RECORDED DATA:

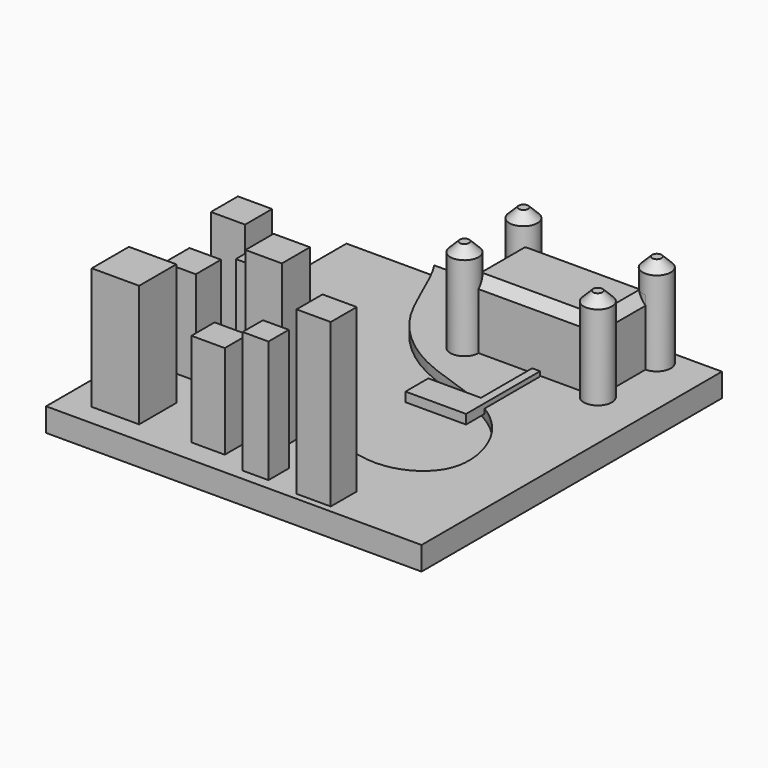
from build123d import *

# Parameters (mm, degrees)
F0_W          = 101.6
F0_H          = 101.6
F1_DEPTH      = 6.35
F3_DEPTH      = 2.54
F4_W          = 8.5470639169
F4_H          = 8.5470620543
F4_W_2        = 9.0218987316
F4_H_2        = 7.8348070383
F4_W_3        = 5.9354603291
F4_H_3        = 6.6477134824
F10_DEPTH     = 25.4
F5_W          = 9.2593189329
F5_H          = 9.1406079009
F5_W_2        = 8.5470620543
F5_H_2        = 9.2593189329
F5_W_3        = 12.8205921501
F5_H_3        = 12.5831738114
F5_W_4        = 7.0038423873
F5_H_4        = 6.885137409
F11_DEPTH     = 33.02
F6_W          = 9.8528647795
F6_H          = 9.4967372715
F6_W_2        = 9.2593152076
F6_H_2        = 8.7844803929
F12_DEPTH     = 43.942
F7_R          = 1.5202204641
F13_DEPTH     = 12.954
F8_W          = 36.0875949264
F8_H          = 19.9431441724
F14_DEPTH     = 17.78
F15_R         = 3.81
F16_DEPTH     = 25.4
F17_SIZE      = 2.54
F18_T4_DEPTH  = 25.3872937513
F18_S5_R      = 3.81
F18_T6_DEPTH  = 14
F18_S7_R      = 3.81
F18_T8_DEPTH  = 14
F18_T12_DEPTH = 41.5317445052
F18_S13_R     = 3.81
F18_T14_DEPTH = 22
F18_S15_R     = 3.81
F18_T16_DEPTH = 22
F18_T20_DEPTH = 25.3872937513
F18_S21_R     = 3.81
F18_T22_DEPTH = 14
F18_S23_R     = 3.81
F18_T24_DEPTH = 14
F18_T28_DEPTH = 41.5317445052
F18_S29_R     = 3.81
F18_T30_DEPTH = 22
F18_S31_R     = 3.81
F18_T32_DEPTH = 22
F9_W          = 14.245100785
F9_H          = 7.716097869
F19_DEPTH     = 1.27


# Not quite as in the source:
# - a fillet or chamfer that OpenCascade refuses, or shapes differently, is made with other operations: its cross-section is extruded or revolved along the edge and cut away or added


with BuildPart() as f1:
    # F0 (on Top) → F1 (new body)
    with BuildSketch(Plane.XY):
        Rectangle(F0_W, F0_H)
    extrude(amount=-F1_DEPTH)

    # F2 (on Top) → F3 (cut)
    with BuildSketch(Plane.XY):
        with BuildLine():
            add(Edge.make_bspline(
                [(-43.0914387107, 13.8889765367), (-48.792132623, 16.8713450612), (-60.3046561951, 22.7349998179), (-64.7610317916, 39.255042485), (-64.8154675332, 45.423523183)],
                knots=[0, 0, 0, 0, 0.4841794351, 1, 1, 1, 1], degree=3))
            add(Edge.make_bspline(
                [(-43.0914387107, 13.8889765367), (-37.3227409256, 12.4784266372), (-25.238481151, 9.5236064613), (-8.5238992218, -4.1081865608), (-5.0933643721, -15.7347262944), (10.2382263796, -27.360890695), (25.1611930237, -28.3877213638), (35.757581674, -20.0820321549), (33.8435161562, -4.7561465103), (22.6073453238, 8.7237537482), (-1.0459930134, 13.2625730637), (-18.464949103, 28.4069952294), (-24.7392805682, 51.2806449877), (-36.4483970668, 62.0438769385), (-40.598793265, 65.3666710807)],
                knots=[0, 0, 0, 0, 0.0857293443, 0.1753055598, 0.2440669449, 0.3285210308, 0.4037415508, 0.4706009031, 0.5439255605, 0.6247496782, 0.7209366486, 0.814216246, 0.9108692703, 1, 1, 1, 1], degree=3))
            Line((-40.598793265, 65.3666710807), (-64.8154675332, 45.423523183))
        make_face()
    extrude(amount=-F3_DEPTH, mode=Mode.SUBTRACT)

    # F4 (on Top) → F10 (join)
    with BuildSketch(Plane.XY):
        with Locations((-37.6308169216, -17.6876699552)):
            Rectangle(F4_W, F4_H)
        with Locations((-11.9896298274, -40.5985452235)):
            Rectangle(F4_W_2, F4_H_2)
        with Locations((13.5328508914, -33.3572849631)):
            Rectangle(F4_W_3, F4_H_3)
    extrude(amount=F10_DEPTH)

    # F5 (on Top) → F11 (join)
    with BuildSketch(Plane.XY):
        with Locations((-34.900506027, -4.5703039505)):
            Rectangle(F5_W, F5_H)
        with Locations((-17.6876718178, -18.0437983945)):
            Rectangle(F5_W_2, F5_H_2)
        with Locations((-36.6811426356, -38.6991985142)):
            Rectangle(F5_W_3, F5_H_3)
        with Locations((3.5019211937, -44.3972405046)):
            Rectangle(F5_W_4, F5_H_4)
    extrude(amount=F11_DEPTH)

    # F6 (on Top) → F12 (join)
    with BuildSketch(Plane.XY):
        with Locations((-4.9264323898, -29.7960098833)):
            Rectangle(F6_W, F6_H)
        with Locations((20.1805653051, -44.6346588433)):
            Rectangle(F6_W_2, F6_H_2)
    extrude(amount=F12_DEPTH)

    # F7 (on Top) → F13 (join)
    with BuildSketch(Plane.XY):
        with Locations((-21.7237845063, -2.0180563442)):
            Circle(F7_R)
    extrude(amount=F13_DEPTH)

    # F8 (on Top) → F14 (join)
    with BuildSketch(Plane.XY):
        with Locations((19.5870175958, 35.2566316724)):
            Rectangle(F8_W, F8_H)
    extrude(amount=F14_DEPTH)

    # F15 (on Top) → F16 (join)
    with BuildSketch(Plane.XY):
        with Locations((1.5432201326, 45.2282037586)):
            Circle(F15_R)
        with Locations((37.6308150589, 45.2282037586)):
            Circle(F15_R)
        with Locations((37.6308150589, 25.2850595862)):
            Circle(F15_R)
        with Locations((1.5432201326, 25.2850595862)):
            Circle(F15_R)
    extrude(amount=F16_DEPTH)

    # F17
    f17_edges = [f1.edges().sort_by_distance(p)[0] for p in [
        (-2.26678, 45.228204, 25.4),
        (-2.26678, 25.28506, 25.4),
        (33.820815, 25.28506, 25.4),
        (33.820815, 45.228204, 25.4),
    ]]
    chamfer(f17_edges, length=F17_SIZE)

    # F18: chamfer of 2.54 on 4 edges, made by hand


with BuildPart() as f18_tool2:
    # F18_s3 → F18_t4 (new body)
    with BuildSketch(Plane.XZ.offset(-47.950278548)):
        Polygon((4.0832201326, 17.78), (1.5432201326, 15.24), (1.5432201326, 17.78), align=None)
    extrude(amount=F18_T4_DEPTH)

    # F18_s5 → F18_t6 (cut, symmetric)
    with BuildSketch(Plane.XY.offset(16.5)):
        with Locations((1.5432201326, 25.2850595862)):
            Circle(F18_S5_R)
    extrude(amount=F18_T6_DEPTH, both=True, mode=Mode.SUBTRACT)

    # F18_s7 → F18_t8 (cut, symmetric)
    with BuildSketch(Plane.XY.offset(16.5)):
        with Locations((1.5432201326, 45.2282037586)):
            Circle(F18_S7_R)
    extrude(amount=F18_T8_DEPTH, both=True, mode=Mode.SUBTRACT)


with BuildPart() as f1_1:
    add(f1.part)

    # F18_t1: cut F18_tool2
    add(f18_tool2.part, mode=Mode.SUBTRACT)


with BuildPart() as f18_tool10:
    # F18_s11 → F18_t12 (new body)
    with BuildSketch(Plane.YZ.offset(-1.1788546568)):
        Polygon((25.2850595862, 15.24), (27.8250595862, 17.78), (25.2850595862, 17.78), align=None)
    extrude(amount=F18_T12_DEPTH)

    # F18_s13 → F18_t14 (cut, symmetric)
    with BuildSketch(Plane.XY.offset(16.5)):
        with Locations((37.6308150589, 25.2850595862)):
            Circle(F18_S13_R)
    extrude(amount=F18_T14_DEPTH, both=True, mode=Mode.SUBTRACT)

    # F18_s15 → F18_t16 (cut, symmetric)
    with BuildSketch(Plane.XY.offset(16.5)):
        with Locations((1.5432201326, 25.2850595862)):
            Circle(F18_S15_R)
    extrude(amount=F18_T16_DEPTH, both=True, mode=Mode.SUBTRACT)


with BuildPart() as f1_2:
    add(f1_1.part)

    # F18_t9: cut F18_tool10
    add(f18_tool10.part, mode=Mode.SUBTRACT)


with BuildPart() as f18_tool18:
    # F18_s19 → F18_t20 (new body)
    with BuildSketch(Plane.XZ.offset(-22.5629847967)):
        Polygon((35.0908150589, 17.78), (37.6308150589, 15.24), (37.6308150589, 17.78), align=None)
    extrude(amount=-F18_T20_DEPTH)

    # F18_s21 → F18_t22 (cut, symmetric)
    with BuildSketch(Plane.XY.offset(16.5)):
        with Locations((37.6308150589, 25.2850595862)):
            Circle(F18_S21_R)
    extrude(amount=F18_T22_DEPTH, both=True, mode=Mode.SUBTRACT)

    # F18_s23 → F18_t24 (cut, symmetric)
    with BuildSketch(Plane.XY.offset(16.5)):
        with Locations((37.6308150589, 45.2282037586)):
            Circle(F18_S23_R)
    extrude(amount=F18_T24_DEPTH, both=True, mode=Mode.SUBTRACT)


with BuildPart() as f1_3:
    add(f1_2.part)

    # F18_t17: cut F18_tool18
    add(f18_tool18.part, mode=Mode.SUBTRACT)


with BuildPart() as f18_tool26:
    # F18_s27 → F18_t28 (new body)
    with BuildSketch(Plane.YZ.offset(40.3528898484)):
        Polygon((42.6882037586, 17.78), (45.2282037586, 15.24), (45.2282037586, 17.78), align=None)
    extrude(amount=-F18_T28_DEPTH)

    # F18_s29 → F18_t30 (cut, symmetric)
    with BuildSketch(Plane.XY.offset(16.5)):
        with Locations((1.5432201326, 45.2282037586)):
            Circle(F18_S29_R)
    extrude(amount=F18_T30_DEPTH, both=True, mode=Mode.SUBTRACT)

    # F18_s31 → F18_t32 (cut, symmetric)
    with BuildSketch(Plane.XY.offset(16.5)):
        with Locations((37.6308150589, 45.2282037586)):
            Circle(F18_S31_R)
    extrude(amount=F18_T32_DEPTH, both=True, mode=Mode.SUBTRACT)


with BuildPart() as f1_4:
    add(f1_3.part)

    # F18_t25: cut F18_tool26
    add(f18_tool26.part, mode=Mode.SUBTRACT)

    # F9 (on Top) → F19 (join, symmetric)
    with BuildSketch(Plane.XY):
        Polygon((22.1986230463, 0), (22.1986230463, 25.0476412475), (20.0618524104, 25.0476412475), (20.0618524104, 7.716097869), (20.0618524104, 0), align=None)
        with Locations((12.9393020179, 3.8580489345)):
            Rectangle(F9_W, F9_H)
    extrude(amount=F19_DEPTH, both=True)


solid = f1_4.part

EXERCISE: Going from the line that contains "extrude(amount=F18_T32_DEPTH, both=True, mode=Mode.SUBTRACT)" to the last line of the records, reproduce every line as written.

RESPONSE AREA:
    extrude(amount=F18_T32_DEPTH, both=True, mode=Mode.SUBTRACT)


with BuildPart() as f1_4:
    add(f1_3.part)

    # F18_t25: cut F18_tool26
    add(f18_tool26.part, mode=Mode.SUBTRACT)

    # F9 (on Top) → F19 (join, symmetric)
    with BuildSketch(Plane.XY):
        Polygon((22.1986230463, 0), (22.1986230463, 25.0476412475), (20.0618524104, 25.0476412475), (20.0618524104, 7.716097869), (20.0618524104, 0), align=None)
        with Locations((12.9393020179, 3.8580489345)):
            Rectangle(F9_W, F9_H)
    extrude(amount=F19_DEPTH, both=True)


solid = f1_4.part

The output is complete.